Doing the opposite now. Spent the last year in a very early stage startup. Finally got fed up with the low pay ("but we're giving you equity...") and the lack of direction. It seemed like every other week we had a new direction. And the latest new direction was so bizarre that I'm tempted to make a mockumentary about the whole thing.
Finally had enough of the startup scene; I'm going to go to work for a very large semiconductor company getting paid 2.5x what I was making at the startup. Feels like I'm getting a real adult job again.
tl;dr: I learned that not every statup idea is worthwhile.
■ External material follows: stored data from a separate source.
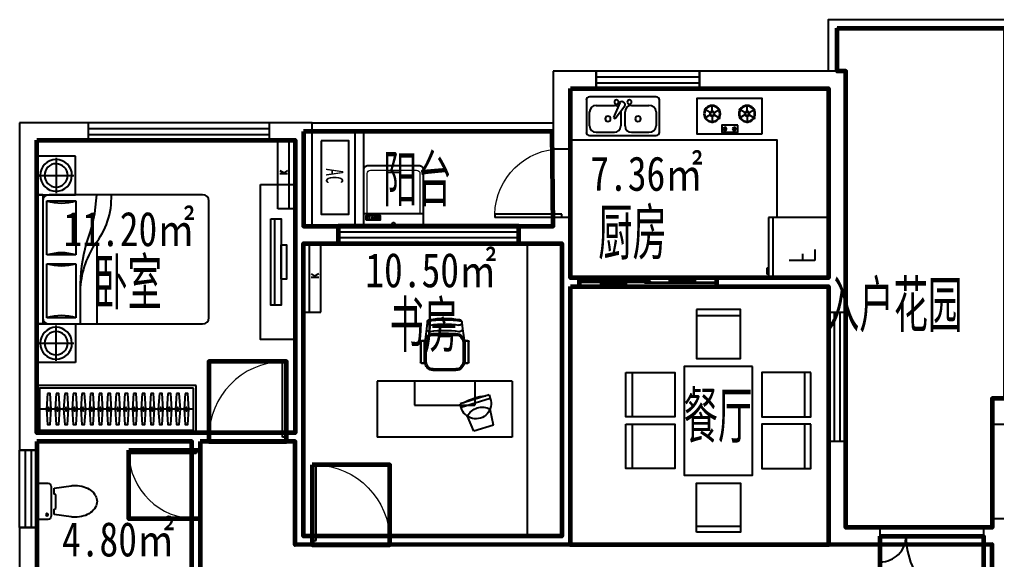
# Model space of a CAD drawing. Extents: x -546498 to -519398, y -751114 to -736514.
# Drawn here: x -545698 to -534348, y -742785 to -736514 of the extents above; entities that cross this region are included whole.
import ezdxf

# ---------------------------------------------------------------- set-up
doc = ezdxf.new("R2010")
doc.units = 0
doc.header["$LTSCALE"] = 1000
doc.header["$MEASUREMENT"] = 0
doc.linetypes.add('HIDDEN', pattern=[7.5, 5, -2.5])
doc.layers.get('0').update_dxf_attribs({"linetype": 'CONTINUOUS'})
for name, color, linetype in [('Balcony(阳台)', 11, 'CONTINUOUS'), ('Elec(电器)', 33, 'CONTINUOUS'), ('FURN', 8, 'CONTINUOUS'), ('Furniture(家具)', 8, 'CONTINUOUS'), ('Lvtry(厨卫)', 136, 'CONTINUOUS'), ('Text(文字)', 7, 'CONTINUOUS'), ('TOTHER', 223, 'CONTINUOUS'), ('WALL', 2, 'CONTINUOUS'), ('WINDOW', 4, 'CONTINUOUS'), ('WINDOW_GROUND', 4, 'CONTINUOUS'), ('房间面积', 33, 'CONTINUOUS')]:
    doc.layers.add(name, color=color, linetype=linetype)
for name, color, linetype, lineweight in [('GT_卧室', 1, 'CONTINUOUS', 60), ('GT_卫生间', 5, 'CONTINUOUS', 60), ('GT_厨房', 4, 'CONTINUOUS', 60), ('GT_花园', 74, 'CONTINUOUS', 60), ('GT_过道', 30, 'CONTINUOUS', 60), ('GT_门', 80, 'CONTINUOUS', 60), ('GT_阳台', 6, 'CONTINUOUS', 60), ('GT_餐厅', 3, 'CONTINUOUS', 60)]:
    doc.layers.add(name, color=color, linetype=linetype, lineweight=lineweight)
doc.layers.add('GT_阳光房', color=240, linetype='CONTINUOUS', lineweight=60, true_color=0xf7085c)
doc.layers.get('0').off()
doc.styles.add('-黑体', font='simhei.ttf', dxfattribs={"width": 0.8})
doc.styles.add('_ZBHZ', font='simhei.ttf', dxfattribs={"width": 0.8})
doc.styles.add('HZ', font='zbtxt.shx', dxfattribs={"bigfont": 'zbhz.shx'})

# ---------------------------------------------------------------- blocks, each defined once
blk = doc.blocks.new('双人床1')
at = {"layer": 'Furniture(家具)', "ltscale": 30}
for p, q in [((810815, -158427), (810365, -158427)), ((810365, -158427), (810365, -158877)), ((810815, -158877), (810815, -158427)), ((810590, -158447), (810590, -158857)), ((810385, -158652), (810796, -158652)), ((810365, -158877), (810365, -160377)), ((810438, -158877), (810365, -158877)), ((810365, -158877), (810815, -158877)), ((810435, -158877), (810435, -160377)), ((812293, -158877), (810508, -158877)), ((810484, -159576), (810484, -158949)), ((810484, -158949), (810821, -158949)), ((810821, -158949), (810821, -159576)), ((812365, -160305), (812365, -158949)), ((811062, -159431), (811062, -160377)), ((810821, -159576), (810484, -159576)), ((810484, -160305), (810484, -159678)), ((810484, -159678), (810821, -159678)), ((810821, -159678), (810821, -160305)), ((810869, -159979), (810869, -160377)), ((810821, -160305), (810484, -160305)), ((810438, -160377), (810365, -160377)), ((810365, -160827), (810365, -160377)), ((810365, -160377), (810815, -160377)), ((810508, -160377), (812293, -160377)), ((810590, -160807), (810590, -160397)), ((810815, -160377), (810815, -160827)), ((810385, -160602), (810796, -160602)), ((810815, -160827), (810365, -160827))]:
    blk.add_line(p, q, dxfattribs=at)
for centre, radius, start, end in [((810590, -158652), 185, 0, 359.7478), ((810590, -158652), 135, 0, 359.6531), ((810508, -158949), 72.3, 90, 180), ((809291, -158796), 1773, 338.5931, 357.384), ((810381, -158913), 852, 320.4539, 2.4327), ((812293, -158949), 72.3, 0, 90), ((810652, -158371), 602, 253.7398, 286.2602), ((812730, -159957), 1861, 163.9608, 180.6772), ((811937, -160033), 1069, 147.2925, 177.771), ((810652, -160154), 602, 73.7398, 106.2602), ((810652, -159100), 602, 253.7398, 286.2602), ((810508, -160305), 72.3, 180, 270), ((810652, -160883), 602, 73.7398, 106.2602), ((812293, -160305), 72.3, 270, 0), ((810590, -160602), 185, 0.2522, 0), ((810590, -160602), 135, 0.3469, 0)]:
    blk.add_arc(centre, radius, start, end, dxfattribs=at)
blk = doc.blocks.new('电视2000')
at = {"linetype": 'ByBlock'}
blk.add_line((847927, -171854), (847927, -172854), dxfattribs=at)
for points in [[(848087, -171454), (847687, -171454), (847687, -173254), (848087, -173254), (848087, -171454)], [(847967, -171854), (847847, -171854), (847847, -172854), (847967, -172854), (847967, -171854)], [(847847, -172154), (847787, -172154), (847787, -172554), (847847, -172554), (847847, -172154)]]:
    blk.add_lwpolyline(points, dxfattribs=at)
blk = doc.blocks.new('*U38')
blk.add_line((-970, -275), (820, -275))
for points in [[(-1000, 0), (850, 0), (850, -550), (-1000, -550)], [(-970, -30), (820, -30), (820, -520), (-970, -520)]]:
    blk.add_lwpolyline(points, close=True)
at = {"elevation": 0}
for points in [[(-874, -95), (-862, -275), (-874, -455), (-906, -455), (-918, -275), (-906, -95)], [(-774, -95), (-762, -275), (-774, -455), (-806, -455), (-818, -275), (-806, -95)], [(-674, -95), (-662, -275), (-674, -455), (-706, -455), (-718, -275), (-706, -95)], [(-574, -95), (-562, -275), (-574, -455), (-606, -455), (-618, -275), (-606, -95)], [(-474, -95), (-462, -275), (-474, -455), (-506, -455), (-518, -275), (-506, -95)], [(-374, -95), (-362, -275), (-374, -455), (-406, -455), (-418, -275), (-406, -95)], [(-274, -95), (-262, -275), (-274, -455), (-306, -455), (-318, -275), (-306, -95)], [(-174, -95), (-162, -275), (-174, -455), (-206, -455), (-218, -275), (-206, -95)], [(-74, -95), (-62, -275), (-74, -455), (-106, -455), (-118, -275), (-106, -95)], [(26, -95), (38, -275), (26, -455), (-6, -455), (-18, -275), (-6, -95)], [(126, -95), (138, -275), (126, -455), (94, -455), (82, -275), (94, -95)], [(226, -95), (238, -275), (226, -455), (194, -455), (182, -275), (194, -95)], [(326, -95), (338, -275), (326, -455), (294, -455), (282, -275), (294, -95)], [(426, -95), (438, -275), (426, -455), (394, -455), (382, -275), (394, -95)], [(526, -95), (538, -275), (526, -455), (494, -455), (482, -275), (494, -95)], [(626, -95), (638, -275), (626, -455), (594, -455), (582, -275), (594, -95)], [(726, -95), (738, -275), (726, -455), (694, -455), (682, -275), (694, -95)]]:
    blk.add_lwpolyline(points, close=True, dxfattribs=at)
at = {"ltscale": 15, "elevation": 0}
for points in [[(-894, -255), (-886, -255), (-886, -295), (-894, -295)], [(-794, -255), (-786, -255), (-786, -295), (-794, -295)], [(-694, -255), (-686, -255), (-686, -295), (-694, -295)], [(-594, -255), (-586, -255), (-586, -295), (-594, -295)], [(-494, -255), (-486, -255), (-486, -295), (-494, -295)], [(-394, -255), (-386, -255), (-386, -295), (-394, -295)], [(-294, -255), (-286, -255), (-286, -295), (-294, -295)], [(-194, -255), (-186, -255), (-186, -295), (-194, -295)], [(-94, -255), (-86, -255), (-86, -295), (-94, -295)], [(6, -255), (14, -255), (14, -295), (6, -295)], [(106, -255), (114, -255), (114, -295), (106, -295)], [(206, -255), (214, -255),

It can feel that way for some startups. I was at one early startup and the direction was constantly changing, with feature and code thrown out weekly, or daily at some point.
The problem was the founder wasn't being honest with himself or us. He should have said, we didn't know what we were doing and we were just exploring, throwing anything on the wall to see what stuck, rather saying we were on a sure path and we were building software for real. We were really building demoware or PPT, not real software.
The cost and effort in building demoware is vastly different from building real software. It became incredibly frustrating to have misaligned goals.
I shouldn't. It's possible that some of the folks back there read HN and the idea would be immediately identifiable. Heck, maybe they'd even sue me for violating the NDA or something (but it's not like the bizarre idea is even monetizable).
But in a couple of years... that mockumentary idea would be comedy gold.
Startups aren't for everyone and not all startups are created equal. It would be unfair to assume all startups are misdirected and low paying. There are plenty of positions that pay market rate salaries and give equity. While you can definitely make a greater base salary at a semiconductor company or "adult" job. You miss out of the potential upside of startup equity, the excitement of a growing startup, wearing many different hats and trying to build something disruptive.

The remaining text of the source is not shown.